The National Pharmaceutical Pricing Authority of India (NNPA) monitors the prices of medical devices. The NPPA’s Drug Price Control Orders (DPCO) 2013 apply only to medical devices. Out of 23 medical devices listed as drugs, four — cardiac stents, drug eluting stents, condoms and intra-uterine devices — have been included in the National List of Essential Medicines and are under price control by virtue of being included in Schedule-I to DPCO 2013; their ceiling prices have been fixed. The government has also notified ceiling prices for orthopedic knee implants in DPCO 2013.
The maximum retail prices of other medical devices, being under the non-scheduled category, are monitored by the NPPA to ensure that no manufacturer increases the MRP by more than 10% of the price during the preceding 12-month period.
Why does a device such as a pacemaker, for instance, cost less in the market and much more when implanted in a hospital?
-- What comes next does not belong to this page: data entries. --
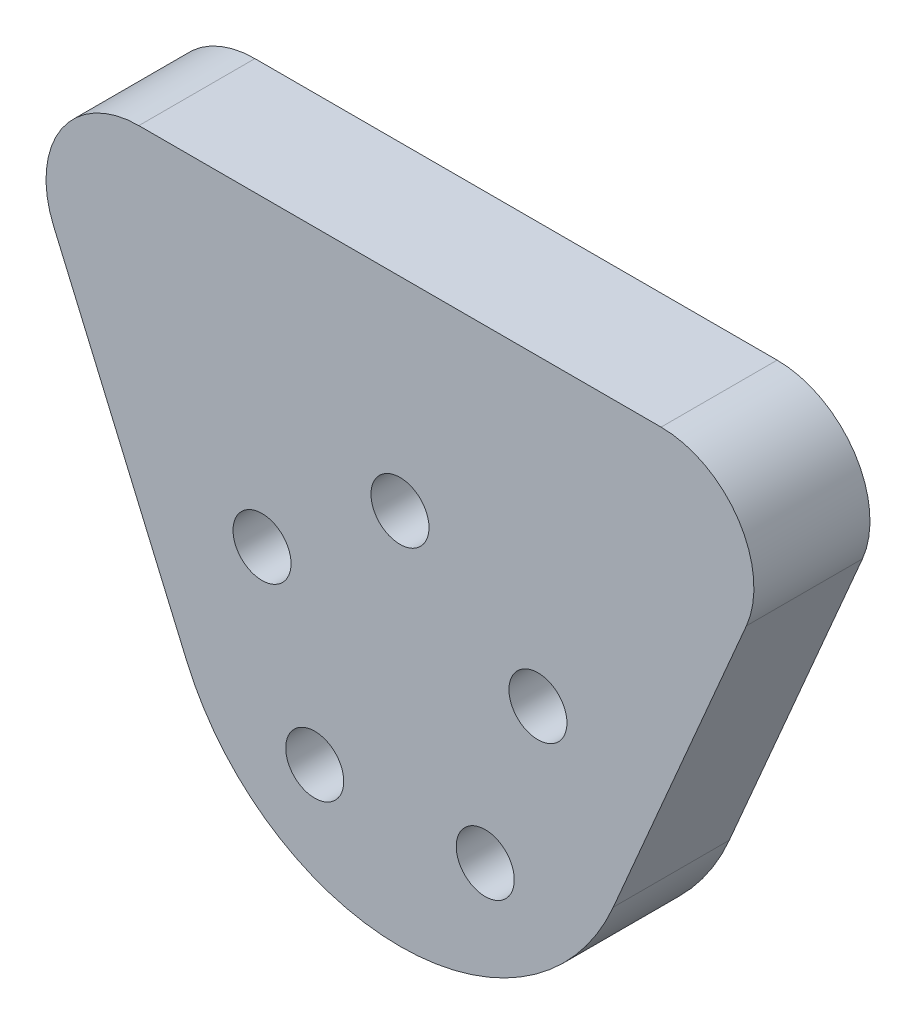
ISO-10303-21;
HEADER;
FILE_DESCRIPTION(('STEP AP214'),'2;1');
FILE_NAME('part.step','',(''),(''),'','','');
FILE_SCHEMA(('AUTOMOTIVE_DESIGN { 1 0 10303 214 1 1 1 1 }'));
ENDSEC;
DATA;
#1=APPLICATION_CONTEXT('core data for automotive mechanical design processes');
#2=APPLICATION_PROTOCOL_DEFINITION('international standard','automotive_design',2000,#1);
#3=PRODUCT_CONTEXT('',#1,'mechanical');
#4=PRODUCT('Part','Part','',(#3));
#5=PRODUCT_RELATED_PRODUCT_CATEGORY('part','',(#4));
#6=PRODUCT_DEFINITION_FORMATION('','',#4);
#7=PRODUCT_DEFINITION_CONTEXT('part definition',#1,'design');
#8=PRODUCT_DEFINITION('design','',#6,#7);
#9=PRODUCT_DEFINITION_SHAPE('','',#8);
#10=(LENGTH_UNIT() NAMED_UNIT(*) SI_UNIT(.MILLI.,.METRE.));
#11=(NAMED_UNIT(*) PLANE_ANGLE_UNIT() SI_UNIT($,.RADIAN.));
#12=(NAMED_UNIT(*) SI_UNIT($,.STERADIAN.) SOLID_ANGLE_UNIT());
#13=UNCERTAINTY_MEASURE_WITH_UNIT(LENGTH_MEASURE(1.E-05),#10,'distance_accuracy_value','');
#14=(GEOMETRIC_REPRESENTATION_CONTEXT(3) GLOBAL_UNCERTAINTY_ASSIGNED_CONTEXT((#13)) GLOBAL_UNIT_ASSIGNED_CONTEXT((#10,
#11,#12)) REPRESENTATION_CONTEXT('',''));
#15=CARTESIAN_POINT('',(0.,0.,0.));
#16=DIRECTION('',(0.,0.,1.));
#17=DIRECTION('',(1.,0.,0.));
#18=AXIS2_PLACEMENT_3D('',#15,#16,#17);
#19=CARTESIAN_POINT('',(-45.,0.,10.));
#20=DIRECTION('',(0.,0.,1.));
#21=DIRECTION('',(1.,0.,0.));
#22=AXIS2_PLACEMENT_3D('',#19,#20,#21);
#23=PLANE('',#22);
#24=CARTESIAN_POINT('',(-29.8473156536559,-32.1127124296868,10.));
#25=DIRECTION('',(0.,0.,1.));
#26=DIRECTION('',(1.,0.,0.));
#27=AXIS2_PLACEMENT_3D('',#24,#25,#26);
#28=CIRCLE('',#27,2.49999999999999);
#29=CARTESIAN_POINT('',(-27.3473156536559,-32.1127124296868,10.));
#30=VERTEX_POINT('',#29);
#31=EDGE_CURVE('E199',#30,#30,#28,.T.);
#32=ORIENTED_EDGE('',*,*,#31,.F.);
#33=EDGE_LOOP('',(#32));
#34=FACE_BOUND('',#33,.T.);
#35=CARTESIAN_POINT('',(-10.6117935463106,-18.1372875703131,10.));
#36=DIRECTION('',(0.,0.,1.));
#37=DIRECTION('',(1.,0.,0.));
#38=AXIS2_PLACEMENT_3D('',#35,#36,#37);
#39=CIRCLE('',#38,2.5);
#40=CARTESIAN_POINT('',(-8.11179354631056,-18.1372875703131,10.));
#41=VERTEX_POINT('',#40);
#42=EDGE_CURVE('E211',#41,#41,#39,.T.);
#43=ORIENTED_EDGE('',*,*,#42,.F.);
#44=EDGE_LOOP('',(#43));
#45=FACE_BOUND('',#44,.T.);
#46=CARTESIAN_POINT('',(-45.,0.,10.));
#47=DIRECTION('',(0.,0.,1.));
#48=DIRECTION('',(1.,0.,0.));
#49=AXIS2_PLACEMENT_3D('',#46,#47,#48);
#50=CIRCLE('',#49,8.);
#51=CARTESIAN_POINT('',(-45.,8.,10.));
#52=VERTEX_POINT('',#51);
#53=CARTESIAN_POINT('',(-52.3515841950434,-3.15502929038525,10.));
#54=VERTEX_POINT('',#53);
#55=EDGE_CURVE('E135',#52,#54,#50,.T.);
#56=ORIENTED_EDGE('',*,*,#55,.T.);
#57=DIRECTION('',(0.394378661298155,-0.918948024380419,0.));
#58=VECTOR('',#57,1.);
#59=CARTESIAN_POINT('',(-52.3515841950434,-3.15502929038525,10.));
#60=LINE('',#59,#58);
#61=CARTESIAN_POINT('',(-40.8789604876084,-29.8875732259631,10.));
#62=VERTEX_POINT('',#61);
#63=EDGE_CURVE('E93',#54,#62,#60,.T.);
#64=ORIENTED_EDGE('',*,*,#63,.T.);
#65=CARTESIAN_POINT('',(-22.5,-22.,10.));
#66=DIRECTION('',(0.,0.,1.));
#67=DIRECTION('',(1.,0.,0.));
#68=AXIS2_PLACEMENT_3D('',#65,#66,#67);
#69=CIRCLE('',#68,20.);
#70=CARTESIAN_POINT('',(-4.12103951239162,-29.8875732259631,10.));
#71=VERTEX_POINT('',#70);
#72=EDGE_CURVE('E106',#62,#71,#69,.T.);
#73=ORIENTED_EDGE('',*,*,#72,.T.);
#74=DIRECTION('',(0.394378661298155,0.918948024380419,0.));
#75=VECTOR('',#74,1.);
#76=CARTESIAN_POINT('',(7.35158419504335,-3.15502929038524,10.));
#77=LINE('',#76,#75);
#78=CARTESIAN_POINT('',(7.35158419504335,-3.15502929038525,10.));
#79=VERTEX_POINT('',#78);
#80=EDGE_CURVE('E100',#71,#79,#77,.T.);
#81=ORIENTED_EDGE('',*,*,#80,.T.);
#82=CARTESIAN_POINT('',(0.,0.,10.));
#83=DIRECTION('',(0.,0.,1.));
#84=DIRECTION('',(1.,0.,0.));
#85=AXIS2_PLACEMENT_3D('',#82,#83,#84);
#86=CIRCLE('',#85,8.);
#87=CARTESIAN_POINT('',(0.,8.,10.));
#88=VERTEX_POINT('',#87);
#89=EDGE_CURVE('E104',#79,#88,#86,.T.);
#90=ORIENTED_EDGE('',*,*,#89,.T.);
#91=DIRECTION('',(-1.,0.,0.));
#92=VECTOR('',#91,1.);
#93=CARTESIAN_POINT('',(-45.,8.,10.));
#94=LINE('',#93,#92);
#95=EDGE_CURVE('E56',#88,#52,#94,.T.);
#96=ORIENTED_EDGE('',*,*,#95,.T.);
#97=EDGE_LOOP('',(#56,#64,#73,#81,#90,#96));
#98=FACE_BOUND('',#97,.T.);
#99=CARTESIAN_POINT('',(-22.5,-9.49999999999999,10.));
#100=DIRECTION('',(0.,0.,1.));
#101=DIRECTION('',(1.,0.,0.));
#102=AXIS2_PLACEMENT_3D('',#99,#100,#101);
#103=CIRCLE('',#102,2.5);
#104=CARTESIAN_POINT('',(-20.,-9.49999999999999,10.));
#105=VERTEX_POINT('',#104);
#106=EDGE_CURVE('E128',#105,#105,#103,.T.);
#107=ORIENTED_EDGE('',*,*,#106,.F.);
#108=EDGE_LOOP('',(#107));
#109=FACE_BOUND('',#108,.T.);
#110=CARTESIAN_POINT('',(-15.1526843463441,-32.1127124296868,10.));
#111=DIRECTION('',(0.,0.,1.));
#112=DIRECTION('',(1.,0.,0.));
#113=AXIS2_PLACEMENT_3D('',#110,#111,#112);
#114=CIRCLE('',#113,2.5);
#115=CARTESIAN_POINT('',(-12.6526843463441,-32.1127124296868,10.));
#116=VERTEX_POINT('',#115);
#117=EDGE_CURVE('E205',#116,#116,#114,.T.);
#118=ORIENTED_EDGE('',*,*,#117,.F.);
#119=EDGE_LOOP('',(#118));
#120=FACE_BOUND('',#119,.T.);
#121=CARTESIAN_POINT('',(-34.3882064536894,-18.1372875703132,10.));
#122=DIRECTION('',(0.,0.,1.));
#123=DIRECTION('',(1.,0.,0.));
#124=AXIS2_PLACEMENT_3D('',#121,#122,#123);
#125=CIRCLE('',#124,2.49999999999999);
#126=CARTESIAN_POINT('',(-31.8882064536894,-18.1372875703132,10.));
#127=VERTEX_POINT('',#126);
#128=EDGE_CURVE('E190',#127,#127,#125,.T.);
#129=ORIENTED_EDGE('',*,*,#128,.F.);
#130=EDGE_LOOP('',(#129));
#131=FACE_BOUND('',#130,.T.);
#132=ADVANCED_FACE('F39',(#34,#45,#98,#109,#120,#131),#23,.T.);
#133=CARTESIAN_POINT('',(-45.,0.,0.));
#134=DIRECTION('',(0.,0.,1.));
#135=DIRECTION('',(1.,0.,0.));
#136=AXIS2_PLACEMENT_3D('',#133,#134,#135);
#137=PLANE('',#136);
#138=CARTESIAN_POINT('',(-45.,0.,0.));
#139=DIRECTION('',(0.,0.,1.));
#140=DIRECTION('',(1.,0.,0.));
#141=AXIS2_PLACEMENT_3D('',#138,#139,#140);
#142=CIRCLE('',#141,8.);
#143=CARTESIAN_POINT('',(-45.,8.,0.));
#144=VERTEX_POINT('',#143);
#145=CARTESIAN_POINT('',(-52.3515841950434,-3.15502929038525,0.));
#146=VERTEX_POINT('',#145);
#147=EDGE_CURVE('E124',#144,#146,#142,.T.);
#148=ORIENTED_EDGE('',*,*,#147,.F.);
#149=DIRECTION('',(-1.,0.,0.));
#150=VECTOR('',#149,1.);
#151=CARTESIAN_POINT('',(-45.,8.,0.));
#152=LINE('',#151,#150);
#153=CARTESIAN_POINT('',(0.,8.,0.));
#154=VERTEX_POINT('',#153);
#155=EDGE_CURVE('E85',#154,#144,#152,.T.);
#156=ORIENTED_EDGE('',*,*,#155,.F.);
#157=CARTESIAN_POINT('',(0.,0.,0.));
#158=DIRECTION('',(0.,0.,1.));
#159=DIRECTION('',(1.,0.,0.));
#160=AXIS2_PLACEMENT_3D('',#157,#158,#159);
#161=CIRCLE('',#160,8.);
#162=CARTESIAN_POINT('',(7.35158419504335,-3.15502929038525,0.));
#163=VERTEX_POINT('',#162);
#164=EDGE_CURVE('E79',#163,#154,#161,.T.);
#165=ORIENTED_EDGE('',*,*,#164,.F.);
#166=DIRECTION('',(0.394378661298155,0.918948024380419,0.));
#167=VECTOR('',#166,1.);
#168=CARTESIAN_POINT('',(7.35158419504335,-3.15502929038524,0.));
#169=LINE('',#168,#167);
#170=CARTESIAN_POINT('',(-4.12103951239162,-29.8875732259631,0.));
#171=VERTEX_POINT('',#170);
#172=EDGE_CURVE('E114',#171,#163,#169,.T.);
#173=ORIENTED_EDGE('',*,*,#172,.F.);
#174=CARTESIAN_POINT('',(-22.5,-22.,0.));
#175=DIRECTION('',(0.,0.,1.));
#176=DIRECTION('',(1.,0.,0.));
#177=AXIS2_PLACEMENT_3D('',#174,#175,#176);
#178=CIRCLE('',#177,20.);
#179=CARTESIAN_POINT('',(-40.8789604876084,-29.8875732259631,0.));
#180=VERTEX_POINT('',#179);
#181=EDGE_CURVE('E130',#180,#171,#178,.T.);
#182=ORIENTED_EDGE('',*,*,#181,.F.);
#183=DIRECTION('',(0.394378661298155,-0.918948024380419,0.));
#184=VECTOR('',#183,1.);
#185=CARTESIAN_POINT('',(-52.3515841950434,-3.15502929038525,0.));
#186=LINE('',#185,#184);
#187=EDGE_CURVE('E127',#146,#180,#186,.T.);
#188=ORIENTED_EDGE('',*,*,#187,.F.);
#189=EDGE_LOOP('',(#148,#156,#165,#173,#182,#188));
#190=FACE_BOUND('',#189,.T.);
#191=CARTESIAN_POINT('',(-22.5,-9.49999999999999,0.));
#192=DIRECTION('',(0.,0.,1.));
#193=DIRECTION('',(1.,0.,0.));
#194=AXIS2_PLACEMENT_3D('',#191,#192,#193);
#195=CIRCLE('',#194,2.5);
#196=CARTESIAN_POINT('',(-20.,-9.49999999999999,0.));
#197=VERTEX_POINT('',#196);
#198=EDGE_CURVE('E214',#197,#197,#195,.T.);
#199=ORIENTED_EDGE('',*,*,#198,.T.);
#200=EDGE_LOOP('',(#199));
#201=FACE_BOUND('',#200,.T.);
#202=CARTESIAN_POINT('',(-10.6117935463106,-18.1372875703131,0.));
#203=DIRECTION('',(0.,0.,1.));
#204=DIRECTION('',(1.,0.,0.));
#205=AXIS2_PLACEMENT_3D('',#202,#203,#204);
#206=CIRCLE('',#205,2.5);
#207=CARTESIAN_POINT('',(-8.11179354631056,-18.1372875703131,0.));
#208=VERTEX_POINT('',#207);
#209=EDGE_CURVE('E208',#208,#208,#206,.T.);
#210=ORIENTED_EDGE('',*,*,#209,.T.);
#211=EDGE_LOOP('',(#210));
#212=FACE_BOUND('',#211,.T.);
#213=CARTESIAN_POINT('',(-15.1526843463441,-32.1127124296868,0.));
#214=DIRECTION('',(0.,0.,1.));
#215=DIRECTION('',(1.,0.,0.));
#216=AXIS2_PLACEMENT_3D('',#213,#214,#215);
#217=CIRCLE('',#216,2.5);
#218=CARTESIAN_POINT('',(-12.6526843463441,-32.1127124296868,0.));
#219=VERTEX_POINT('',#218);
#220=EDGE_CURVE('E202',#219,#219,#217,.T.);
#221=ORIENTED_EDGE('',*,*,#220,.T.);
#222=EDGE_LOOP('',(#221));
#223=FACE_BOUND('',#222,.T.);
#224=CARTESIAN_POINT('',(-29.8473156536559,-32.1127124296868,0.));
#225=DIRECTION('',(0.,0.,1.));
#226=DIRECTION('',(1.,0.,0.));
#227=AXIS2_PLACEMENT_3D('',#224,#225,#226);
#228=CIRCLE('',#227,2.49999999999999);
#229=CARTESIAN_POINT('',(-27.3473156536559,-32.1127124296868,0.));
#230=VERTEX_POINT('',#229);
#231=EDGE_CURVE('E196',#230,#230,#228,.T.);
#232=ORIENTED_EDGE('',*,*,#231,.T.);
#233=EDGE_LOOP('',(#232));
#234=FACE_BOUND('',#233,.T.);
#235=CARTESIAN_POINT('',(-34.3882064536894,-18.1372875703132,0.));
#236=DIRECTION('',(0.,0.,1.));
#237=DIRECTION('',(1.,0.,0.));
#238=AXIS2_PLACEMENT_3D('',#235,#236,#237);
#239=CIRCLE('',#238,2.49999999999999);
#240=CARTESIAN_POINT('',(-31.8882064536894,-18.1372875703132,0.));
#241=VERTEX_POINT('',#240);
#242=EDGE_CURVE('E193',#241,#241,#239,.T.);
#243=ORIENTED_EDGE('',*,*,#242,.T.);
#244=EDGE_LOOP('',(#243));
#245=FACE_BOUND('',#244,.T.);
#246=ADVANCED_FACE('F144',(#190,#201,#212,#223,#234,#245),#137,.F.);
#247=CARTESIAN_POINT('',(-45.,0.,10.));
#248=DIRECTION('',(0.,0.,-1.));
#249=DIRECTION('',(-1.,0.,0.));
#250=AXIS2_PLACEMENT_3D('',#247,#248,#249);
#251=CYLINDRICAL_SURFACE('',#250,8.);
#252=ORIENTED_EDGE('',*,*,#147,.T.);
#253=DIRECTION('',(0.,0.,-1.));
#254=VECTOR('',#253,1.);
#255=CARTESIAN_POINT('',(-52.3515841950434,-3.15502929038525,10.));
#256=LINE('',#255,#254);
#257=EDGE_CURVE('E11',#54,#146,#256,.T.);
#258=ORIENTED_EDGE('',*,*,#257,.F.);
#259=ORIENTED_EDGE('',*,*,#55,.F.);
#260=DIRECTION('',(0.,0.,-1.));
#261=VECTOR('',#260,1.);
#262=CARTESIAN_POINT('',(-45.,8.,10.));
#263=LINE('',#262,#261);
#264=EDGE_CURVE('E120',#52,#144,#263,.T.);
#265=ORIENTED_EDGE('',*,*,#264,.T.);
#266=EDGE_LOOP('',(#252,#258,#259,#265));
#267=FACE_BOUND('',#266,.T.);
#268=ADVANCED_FACE('F41',(#267),#251,.T.);
#269=CARTESIAN_POINT('',(-52.3515841950434,-3.15502929038525,10.));
#270=DIRECTION('',(0.918948024380419,0.394378661298155,0.));
#271=DIRECTION('',(-0.394378661298156,0.918948024380419,0.));
#272=AXIS2_PLACEMENT_3D('',#269,#270,#271);
#273=PLANE('',#272);
#274=ORIENTED_EDGE('',*,*,#187,.T.);
#275=DIRECTION('',(0.,0.,-1.));
#276=VECTOR('',#275,1.);
#277=CARTESIAN_POINT('',(-40.8789604876084,-29.8875732259631,10.));
#278=LINE('',#277,#276);
#279=EDGE_CURVE('E48',#62,#180,#278,.T.);
#280=ORIENTED_EDGE('',*,*,#279,.F.);
#281=ORIENTED_EDGE('',*,*,#63,.F.);
#282=ORIENTED_EDGE('',*,*,#257,.T.);
#283=EDGE_LOOP('',(#274,#280,#281,#282));
#284=FACE_BOUND('',#283,.T.);
#285=ADVANCED_FACE('F273',(#284),#273,.F.);
#286=CARTESIAN_POINT('',(-22.5,-22.,10.));
#287=DIRECTION('',(0.,0.,-1.));
#288=DIRECTION('',(-1.,0.,0.));
#289=AXIS2_PLACEMENT_3D('',#286,#287,#288);
#290=CYLINDRICAL_SURFACE('',#289,20.);
#291=ORIENTED_EDGE('',*,*,#181,.T.);
#292=DIRECTION('',(0.,0.,-1.));
#293=VECTOR('',#292,1.);
#294=CARTESIAN_POINT('',(-4.12103951239162,-29.8875732259631,10.));
#295=LINE('',#294,#293);
#296=EDGE_CURVE('E115',#71,#171,#295,.T.);
#297=ORIENTED_EDGE('',*,*,#296,.F.);
#298=ORIENTED_EDGE('',*,*,#72,.F.);
#299=ORIENTED_EDGE('',*,*,#279,.T.);
#300=EDGE_LOOP('',(#291,#297,#298,#299));
#301=FACE_BOUND('',#300,.T.);
#302=ADVANCED_FACE('F141',(#301),#290,.T.);
#303=CARTESIAN_POINT('',(7.35158419504335,-3.15502929038524,10.));
#304=DIRECTION('',(-0.918948024380419,0.394378661298155,0.));
#305=DIRECTION('',(-0.394378661298156,-0.918948024380419,0.));
#306=AXIS2_PLACEMENT_3D('',#303,#304,#305);
#307=PLANE('',#306);
#308=ORIENTED_EDGE('',*,*,#172,.T.);
#309=DIRECTION('',(0.,0.,-1.));
#310=VECTOR('',#309,1.);
#311=CARTESIAN_POINT('',(7.35158419504335,-3.15502929038525,10.));
#312=LINE('',#311,#310);
#313=EDGE_CURVE('E111',#79,#163,#312,.T.);
#314=ORIENTED_EDGE('',*,*,#313,.F.);
#315=ORIENTED_EDGE('',*,*,#80,.F.);
#316=ORIENTED_EDGE('',*,*,#296,.T.);
#317=EDGE_LOOP('',(#308,#314,#315,#316));
#318=FACE_BOUND('',#317,.T.);
#319=ADVANCED_FACE('F112',(#318),#307,.F.);
#320=CARTESIAN_POINT('',(0.,0.,10.));
#321=DIRECTION('',(0.,0.,-1.));
#322=DIRECTION('',(-1.,0.,0.));
#323=AXIS2_PLACEMENT_3D('',#320,#321,#322);
#324=CYLINDRICAL_SURFACE('',#323,8.);
#325=ORIENTED_EDGE('',*,*,#164,.T.);
#326=DIRECTION('',(0.,0.,-1.));
#327=VECTOR('',#326,1.);
#328=CARTESIAN_POINT('',(0.,8.,10.));
#329=LINE('',#328,#327);
#330=EDGE_CURVE('E116',#88,#154,#329,.T.);
#331=ORIENTED_EDGE('',*,*,#330,.F.);
#332=ORIENTED_EDGE('',*,*,#89,.F.);
#333=ORIENTED_EDGE('',*,*,#313,.T.);
#334=EDGE_LOOP('',(#325,#331,#332,#333));
#335=FACE_BOUND('',#334,.T.);
#336=ADVANCED_FACE('F118',(#335),#324,.T.);
#337=CARTESIAN_POINT('',(-45.,8.,10.));
#338=DIRECTION('',(0.,-1.,0.));
#339=DIRECTION('',(0.,0.,-1.));
#340=AXIS2_PLACEMENT_3D('',#337,#338,#339);
#341=PLANE('',#340);
#342=ORIENTED_EDGE('',*,*,#155,.T.);
#343=ORIENTED_EDGE('',*,*,#264,.F.);
#344=ORIENTED_EDGE('',*,*,#95,.F.);
#345=ORIENTED_EDGE('',*,*,#330,.T.);
#346=EDGE_LOOP('',(#342,#343,#344,#345));
#347=FACE_BOUND('',#346,.T.);
#348=ADVANCED_FACE('F149',(#347),#341,.F.);
#349=CARTESIAN_POINT('',(-22.5,-9.49999999999999,10.));
#350=DIRECTION('',(0.,0.,-1.));
#351=DIRECTION('',(-1.,0.,0.));
#352=AXIS2_PLACEMENT_3D('',#349,#350,#351);
#353=CYLINDRICAL_SURFACE('',#352,2.5);
#354=ORIENTED_EDGE('',*,*,#106,.T.);
#355=EDGE_LOOP('',(#354));
#356=FACE_BOUND('',#355,.T.);
#357=ORIENTED_EDGE('',*,*,#198,.F.);
#358=EDGE_LOOP('',(#357));
#359=FACE_BOUND('',#358,.T.);
#360=ADVANCED_FACE('F151',(#356,#359),#353,.F.);
#361=CARTESIAN_POINT('',(-10.6117935463106,-18.1372875703131,10.));
#362=DIRECTION('',(0.,0.,-1.));
#363=DIRECTION('',(-1.,0.,0.));
#364=AXIS2_PLACEMENT_3D('',#361,#362,#363);
#365=CYLINDRICAL_SURFACE('',#364,2.5);
#366=ORIENTED_EDGE('',*,*,#42,.T.);
#367=EDGE_LOOP('',(#366));
#368=FACE_BOUND('',#367,.T.);
#369=ORIENTED_EDGE('',*,*,#209,.F.);
#370=EDGE_LOOP('',(#369));
#371=FACE_BOUND('',#370,.T.);
#372=ADVANCED_FACE('F157',(#368,#371),#365,.F.);
#373=CARTESIAN_POINT('',(-15.1526843463441,-32.1127124296868,10.));
#374=DIRECTION('',(0.,0.,-1.));
#375=DIRECTION('',(-1.,0.,0.));
#376=AXIS2_PLACEMENT_3D('',#373,#374,#375);
#377=CYLINDRICAL_SURFACE('',#376,2.5);
#378=ORIENTED_EDGE('',*,*,#117,.T.);
#379=EDGE_LOOP('',(#378));
#380=FACE_BOUND('',#379,.T.);
#381=ORIENTED_EDGE('',*,*,#220,.F.);
#382=EDGE_LOOP('',(#381));
#383=FACE_BOUND('',#382,.T.);
#384=ADVANCED_FACE('F173',(#380,#383),#377,.F.);
#385=CARTESIAN_POINT('',(-29.8473156536559,-32.1127124296868,10.));
#386=DIRECTION('',(0.,0.,-1.));
#387=DIRECTION('',(-1.,0.,0.));
#388=AXIS2_PLACEMENT_3D('',#385,#386,#387);
#389=CYLINDRICAL_SURFACE('',#388,2.49999999999999);
#390=ORIENTED_EDGE('',*,*,#31,.T.);
#391=EDGE_LOOP('',(#390));
#392=FACE_BOUND('',#391,.T.);
#393=ORIENTED_EDGE('',*,*,#231,.F.);
#394=EDGE_LOOP('',(#393));
#395=FACE_BOUND('',#394,.T.);
#396=ADVANCED_FACE('F177',(#392,#395),#389,.F.);
#397=CARTESIAN_POINT('',(-34.3882064536894,-18.1372875703132,10.));
#398=DIRECTION('',(0.,0.,-1.));
#399=DIRECTION('',(-1.,0.,0.));
#400=AXIS2_PLACEMENT_3D('',#397,#398,#399);
#401=CYLINDRICAL_SURFACE('',#400,2.49999999999999);
#402=ORIENTED_EDGE('',*,*,#128,.T.);
#403=EDGE_LOOP('',(#402));
#404=FACE_BOUND('',#403,.T.);
#405=ORIENTED_EDGE('',*,*,#242,.F.);
#406=EDGE_LOOP('',(#405));
#407=FACE_BOUND('',#406,.T.);
#408=ADVANCED_FACE('F181',(#404,#407),#401,.F.);
#409=CLOSED_SHELL('',(#132,#246,#268,#285,#302,#319,#336,#348,#360,#372,#384,#396,#408));
#410=MANIFOLD_SOLID_BREP('B2',#409);
#411=ADVANCED_BREP_SHAPE_REPRESENTATION('',(#18,#410),#14);
#412=SHAPE_DEFINITION_REPRESENTATION(#9,#411);
ENDSEC;
END-ISO-10303-21;

This has to be understood through a number of stages. If the pacemaker is imported in India, then the subsidiary pays its parent company the import cost. For instance, a US-based company buys an ‘X’ pacemaker for `25,000. The Indian subsidiary then increases the price, fixes the MRP at `50,000, and then sells it to a distributor at a “discounted price”, say `46,000. The distributor then sells it to a hospital at a price that is still discounted compared to the MRP, say at `48,000. Finally, the patient buys the device from the hospital at `50,000. So within the chain, all three make a profit. Additionally, the patient pays the cost of the surgery, which varies from hospital to hospital.

Redressal mechanism

Currently, there are no specific rules or a law that allows the government to direct a medical device company to give compensation to a victim after the device has been found faulty. Following the emergence of faulty hip implants from Johnson & Johnson, the Ministry of Health and Family Welfare is working on a formula for compensation. There are proposals that the government might include a special clause under the Medical Device Rules to include compensation for patients. But the patient can always approach a consumer court to seek damages from the device company.